The study, released yesterday by the Breakthrough Institute and the Information Technology and Innovation Foundation, is an early effort to size up efforts by three "Asian Tigers" -- China, South Korea and Japan -- to take a global lead on clean energy.
While the United States remains the world's most innovative nation, the authors said, that lead is closing as these countries plunge $500 billion into clean technologies over the next three years. That's nearly triple the U.S. figure, assuming it passes the House climate bill giving a fraction of expected cap-and-trade revenues to research and development.
"We are and will be the world's leading consumer of clean energy technology. The problem is that demand will ultimately create supply, and supply doesn't necessarily have to be in the U.S.," Rob Atkinson, president of the ITIF and a co-author of the report, said at a release event yesterday on Capitol Hill.

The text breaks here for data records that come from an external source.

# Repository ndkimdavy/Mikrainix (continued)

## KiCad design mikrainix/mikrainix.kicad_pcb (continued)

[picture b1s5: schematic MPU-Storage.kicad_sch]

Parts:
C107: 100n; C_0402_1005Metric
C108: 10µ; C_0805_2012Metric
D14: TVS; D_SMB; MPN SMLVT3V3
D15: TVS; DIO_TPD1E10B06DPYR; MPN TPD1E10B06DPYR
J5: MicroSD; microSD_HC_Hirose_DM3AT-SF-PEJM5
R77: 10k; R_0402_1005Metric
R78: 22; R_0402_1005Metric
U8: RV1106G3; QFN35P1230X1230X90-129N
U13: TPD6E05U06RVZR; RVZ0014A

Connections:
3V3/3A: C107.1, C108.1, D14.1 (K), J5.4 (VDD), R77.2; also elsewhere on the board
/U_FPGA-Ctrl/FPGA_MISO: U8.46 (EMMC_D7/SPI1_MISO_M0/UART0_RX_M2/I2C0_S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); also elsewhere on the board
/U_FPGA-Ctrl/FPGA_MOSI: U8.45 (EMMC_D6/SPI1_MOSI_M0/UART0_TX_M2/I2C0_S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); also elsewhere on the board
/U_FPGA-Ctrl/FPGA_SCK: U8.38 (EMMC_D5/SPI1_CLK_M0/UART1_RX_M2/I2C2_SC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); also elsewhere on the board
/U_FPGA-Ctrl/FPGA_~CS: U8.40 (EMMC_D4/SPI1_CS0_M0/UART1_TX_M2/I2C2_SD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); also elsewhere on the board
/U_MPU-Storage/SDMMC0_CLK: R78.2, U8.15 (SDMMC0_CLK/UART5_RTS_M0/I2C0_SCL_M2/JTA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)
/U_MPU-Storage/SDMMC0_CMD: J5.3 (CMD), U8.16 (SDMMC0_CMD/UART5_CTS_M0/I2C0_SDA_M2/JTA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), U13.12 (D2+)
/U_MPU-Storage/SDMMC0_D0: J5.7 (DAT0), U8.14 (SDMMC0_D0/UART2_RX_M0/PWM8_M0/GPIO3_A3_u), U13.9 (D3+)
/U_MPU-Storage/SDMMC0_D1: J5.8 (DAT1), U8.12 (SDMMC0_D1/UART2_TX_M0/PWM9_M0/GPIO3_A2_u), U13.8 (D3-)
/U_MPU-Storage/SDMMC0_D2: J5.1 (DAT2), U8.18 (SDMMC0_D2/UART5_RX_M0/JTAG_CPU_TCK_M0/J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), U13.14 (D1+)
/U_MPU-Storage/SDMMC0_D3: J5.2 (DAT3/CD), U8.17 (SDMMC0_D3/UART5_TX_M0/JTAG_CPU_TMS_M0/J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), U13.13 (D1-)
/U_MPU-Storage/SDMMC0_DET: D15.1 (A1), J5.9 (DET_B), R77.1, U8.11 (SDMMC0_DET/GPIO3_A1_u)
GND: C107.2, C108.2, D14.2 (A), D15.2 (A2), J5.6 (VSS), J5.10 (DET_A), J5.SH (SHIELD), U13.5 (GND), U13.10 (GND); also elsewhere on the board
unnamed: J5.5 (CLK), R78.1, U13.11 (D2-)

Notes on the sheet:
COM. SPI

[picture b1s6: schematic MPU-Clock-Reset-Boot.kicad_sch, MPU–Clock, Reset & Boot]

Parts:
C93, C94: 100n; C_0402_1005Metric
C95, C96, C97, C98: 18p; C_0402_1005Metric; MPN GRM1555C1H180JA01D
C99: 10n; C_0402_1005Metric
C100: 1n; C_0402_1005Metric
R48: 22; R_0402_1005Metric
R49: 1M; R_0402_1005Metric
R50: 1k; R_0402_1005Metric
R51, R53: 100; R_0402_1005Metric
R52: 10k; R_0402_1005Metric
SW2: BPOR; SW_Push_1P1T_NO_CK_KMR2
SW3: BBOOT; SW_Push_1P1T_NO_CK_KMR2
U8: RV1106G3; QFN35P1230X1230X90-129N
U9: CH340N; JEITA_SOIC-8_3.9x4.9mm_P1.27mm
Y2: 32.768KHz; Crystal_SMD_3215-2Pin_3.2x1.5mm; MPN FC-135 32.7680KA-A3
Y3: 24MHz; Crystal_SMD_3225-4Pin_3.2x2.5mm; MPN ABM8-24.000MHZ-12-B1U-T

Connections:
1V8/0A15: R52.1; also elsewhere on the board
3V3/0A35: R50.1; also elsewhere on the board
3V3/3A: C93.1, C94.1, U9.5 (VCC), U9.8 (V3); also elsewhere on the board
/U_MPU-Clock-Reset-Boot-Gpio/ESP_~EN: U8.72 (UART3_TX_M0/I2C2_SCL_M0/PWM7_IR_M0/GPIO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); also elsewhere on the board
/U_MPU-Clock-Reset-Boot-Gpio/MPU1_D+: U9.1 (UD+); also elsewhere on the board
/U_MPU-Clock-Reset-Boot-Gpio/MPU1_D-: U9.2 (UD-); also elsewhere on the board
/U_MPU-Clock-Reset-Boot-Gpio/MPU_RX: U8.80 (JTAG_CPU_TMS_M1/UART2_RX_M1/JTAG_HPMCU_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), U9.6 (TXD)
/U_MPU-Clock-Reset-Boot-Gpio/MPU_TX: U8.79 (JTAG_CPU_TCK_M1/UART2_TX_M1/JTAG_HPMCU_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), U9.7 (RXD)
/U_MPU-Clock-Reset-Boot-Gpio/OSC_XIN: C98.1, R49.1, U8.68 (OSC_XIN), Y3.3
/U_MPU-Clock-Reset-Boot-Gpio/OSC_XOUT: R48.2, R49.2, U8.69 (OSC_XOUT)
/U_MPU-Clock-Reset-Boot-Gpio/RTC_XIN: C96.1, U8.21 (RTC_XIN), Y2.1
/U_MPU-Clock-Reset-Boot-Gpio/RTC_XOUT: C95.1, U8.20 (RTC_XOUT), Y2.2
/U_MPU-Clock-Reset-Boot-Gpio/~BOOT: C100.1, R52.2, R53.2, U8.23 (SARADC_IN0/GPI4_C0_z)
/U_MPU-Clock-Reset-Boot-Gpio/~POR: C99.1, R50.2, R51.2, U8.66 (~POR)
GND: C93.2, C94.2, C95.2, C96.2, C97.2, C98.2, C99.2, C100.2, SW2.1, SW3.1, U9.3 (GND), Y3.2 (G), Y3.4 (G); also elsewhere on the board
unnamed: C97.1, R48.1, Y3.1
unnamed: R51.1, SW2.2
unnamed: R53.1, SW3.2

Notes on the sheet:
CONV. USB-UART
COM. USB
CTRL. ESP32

While this might smack of "picking winners and losers" to some energy lobbyists, Michael Shellenberger, president of the Breakthrough Institute, thinks that's the point. Without government stewardship of certain technologies, he said, President Lincoln might not have built the railroads, food wouldn't be cheap, and the Internet might not exist.
"This calcified ideology that the government should not be procuring cutting-edge technologies, the government should not be picking technological winners and losers, that is the ideology of American decline," he said at the Capitol Hill event.